- [EXERCISE PROMPT]:
The answer must consist of every line in the records that contains the word "ZoneList".
[[ EXERCISE INPUTS open ]]
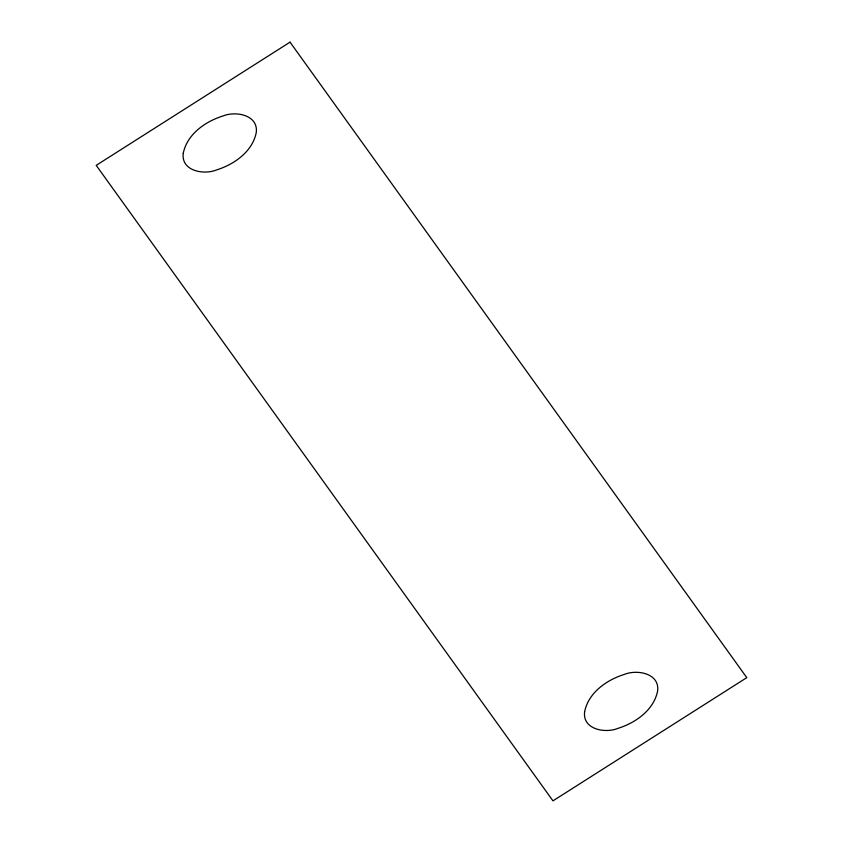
<?xml version="1.0" encoding="UTF-8"?>
<svg xmlns="http://www.w3.org/2000/svg" width="843" height="843" viewBox="0 0 843 843"><rect width="100%" height="100%" fill="white"/><g stroke="black" fill="none" stroke-linecap="round" stroke-linejoin="round"><path stroke-width="1.26" d="M183.258 153.268C180.887 171.003 203.711 175.165 216.461 169.97C234.091 164.49 252.373 151.761 256.24 132.657C258.622 114.922 235.787 110.749 223.037 115.955C205.407 121.424 187.125 134.163 183.258 153.268M584.631 711.703C582.25 729.437 605.074 733.6 617.835 728.405C635.464 722.936 653.746 710.196 657.603 691.091C659.985 673.357 637.15 669.184 624.4 674.389C606.77 679.858 588.488 692.598 584.631 711.703M290.034 42.15L96.207 165.354L552.966 800.85L746.793 677.646L290.034 42.15"/></g></svg>
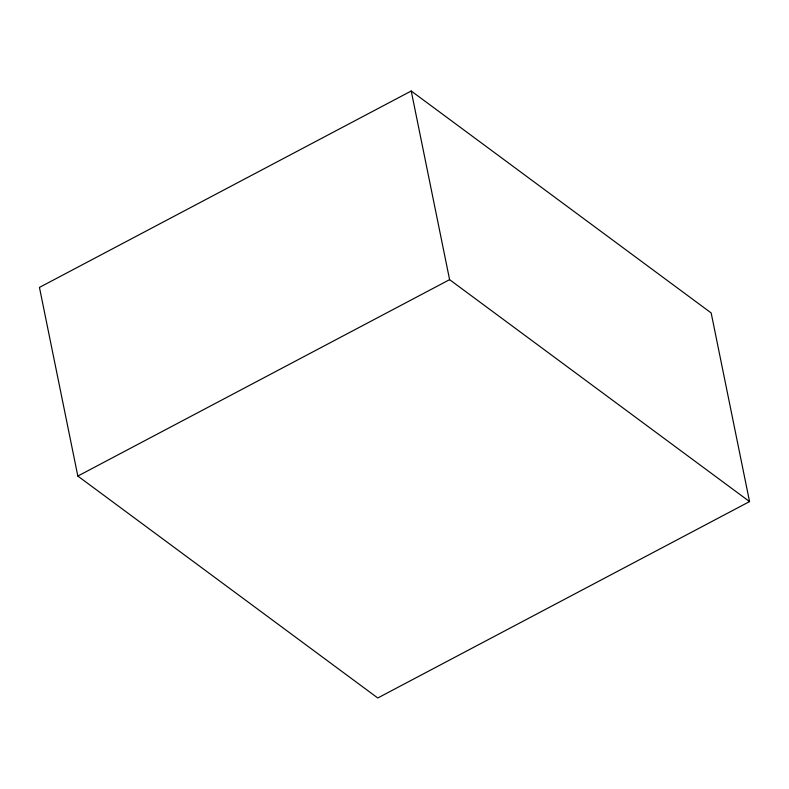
<?xml version="1.0" encoding="UTF-8"?>
<svg xmlns="http://www.w3.org/2000/svg" width="789" height="789" viewBox="0 0 789 789"><rect width="100%" height="100%" fill="white"/><g stroke="black" fill="none" stroke-linecap="round" stroke-linejoin="round"><path stroke-width="1.18" d="M411.227 91.011L39.45 287.413L77.835 476.063L377.773 697.989L749.55 501.587L711.165 312.937L411.227 91.011L449.602 279.661L749.55 501.587M77.835 476.063L449.602 279.661"/></g></svg>
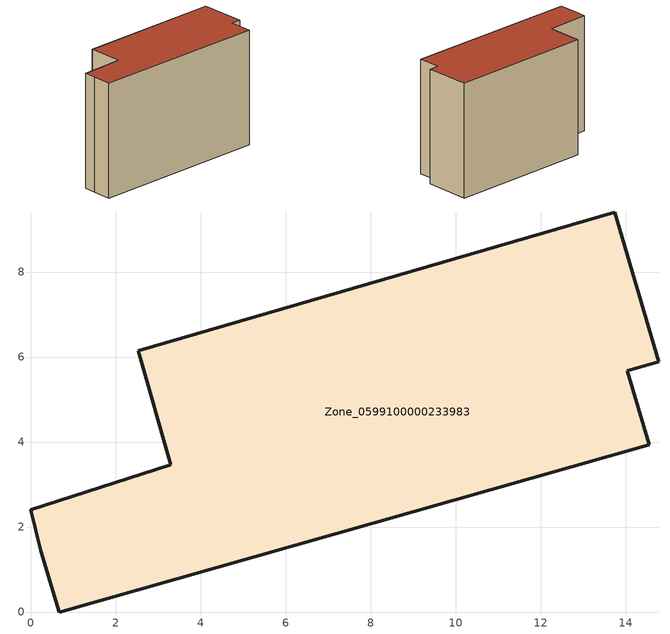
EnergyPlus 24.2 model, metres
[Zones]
Zone_0599100000233983
 floor ground (C_G): 14.55,3.93 0.67,0 0.24,1.44 0,2.4 3.29,3.46 2.53,6.15 13.74,9.41 14.78,5.89 14.04,5.67 z0
 wall outside (C_F): 14.78,5.89 13.74,9.41 2.53,6.15 3.29,3.46 0,2.4 0.24,1.44 0.67,0 14.55,3.93 14.04,5.67 14.78,5.89 z0:9.31
 roof outside (C_R): 14.55,3.93 14.04,5.67 14.78,5.89 13.74,9.41 2.53,6.15 3.29,3.46 0,2.4 0.24,1.44 0.67,0 z9.31
[BUILDING]
Pand.0599100000233983: North Axis=0; Terrain=City; Loads Convergence Tolerance Value=0.04; Temperature Convergence Tolerance Value=0.4; Solar Distribution=FullExterior; Maximum Number of Warmup Days=25; Minimum Number of Warmup Days=1
[Site:Location]
Rotterdam.The.Hague.AP_ZH_NLD Design_Conditions: Latitude=51.96; Longitude=4.45; Time Zone=1; Elevation=-4.5
[SITE:GROUNDTEMPERATURE:BUILDINGSURFACE]
18, 18, 18, 18, 18, 18, 18, 18, 18, 18, 18, 18
[MATERIAL] Thermal Absorptance=0.9; Solar Absorptance=0.7; Visible Absorptance=0.7
Name | Roughness | Thickness | Conductivity | Density | Specific Heat
G.TI.1946 | MediumSmooth | 0.15 | 1 | 540 | 1210
F.TI.1946 | Rough | 0.3 | 0.857143 | 1920 | 840
R.TI.1946 | MediumRough | 0.2 | 0.1 | 1500 | 1000
[CONSTRUCTION]
C_G: G.TI.1946
C_F: F.TI.1946
C_R: R.TI.1946
[ZONE]
Zone_0599100000233983: Type=1; Multiplier=1; Ceiling Height=Autocalculate; Volume=Autocalculate; Floor Area=autocalculate; Part of Total Floor Area=Yes
[ZONEINFILTRATION:DESIGNFLOWRATE]
Infil_Zone_0599100000233983: Zone or ZoneList or Space or SpaceList=Zone_0599100000233983; Schedule=AlwaysOn; Design Flow Rate Calculation Method=Flow/Area; Flow Rate per Floor Area=0.003; Constant Term Coefficient=1; Temperature Term Coefficient=0; Velocity Term Coefficient=0; Velocity Squared Term Coefficient=0
[HVACTEMPLATE:ZONE:IDEALLOADSAIRSYSTEM]
Zone_0599100000233983: Maximum Heating Supply Air Temperature=50; Minimum Cooling Supply Air Temperature=13; Maximum Heating Supply Air Humidity Ratio=0.0156; Minimum Cooling Supply Air Humidity Ratio=0.0077; Heating Limit=NoLimit; Cooling Limit=NoLimit; Dehumidification Control Type=ConstantSensibleHeatRatio; Cooling Sensible Heat Ratio=0.7; Dehumidification Setpoint=60; Humidification Control Type=None; Humidification Setpoint=30; Outdoor Air Method=None; Outdoor Air Flow Rate per Person=0.00944; Outdoor Air Flow Rate per Zone Floor Area=0; Outdoor Air Flow Rate per Zone=0; Demand Controlled Ventilation Type=None; Outdoor Air Economizer Type=NoEconomizer; Heat Recovery Type=None; Sensible Heat Recovery Effectiveness=0.7; Latent Heat Recovery Effectiveness=0.65
[ZONECONTROL:THERMOSTAT]
ThermostatControl_Zone_0599100000233983: Zone or ZoneList=Zone_0599100000233983; Control Type Schedule=DualSetpointControlType; Control 1=Thermostat_Zone_0599100000233983; Temperature Difference Between Cutout And Setpoint=0
[THERMOSTATSETPOINT:DUALSETPOINT]
Thermostat_Zone_0599100000233983: Heating Setpoint Temperature Schedule=HeatingSetpoint_Zone_0599100000233983; Cooling Setpoint Temperature Schedule=CoolingSetpoint_Zone_0599100000233983
[SCHEDULE:COMPACT]
HeatingSetpoint_Zone_0599100000233983: Through: 12/31, For: AllDays, Until: 24:00, 21
CoolingSetpoint_Zone_0599100000233983: Through: 12/31, For: AllDays, Until: 24:00, 24
DualSetpointControlType: Through: 12/31, For: AllDays, Until: 24:00, 4
AlwaysOn: Through: 12/31, For: AllDays, Until: 24:00, 1
[[ EXERCISE INPUTS closed ]]
- [EXERCISE ANSWER]:
Infil_Zone_0599100000233983: Zone or ZoneList or Space or SpaceList=Zone_0599100000233983; Schedule=AlwaysOn; Design Flow Rate Calculation Method=Flow/Area; Flow Rate per Floor Area=0.003; Constant Term Coefficient=1; Temperature Term Coefficient=0; Velocity Term Coefficient=0; Velocity Squared Term Coefficient=0
ThermostatControl_Zone_0599100000233983: Zone or ZoneList=Zone_0599100000233983; Control Type Schedule=DualSetpointControlType; Control 1=Thermostat_Zone_0599100000233983; Temperature Difference Between Cutout And Setpoint=0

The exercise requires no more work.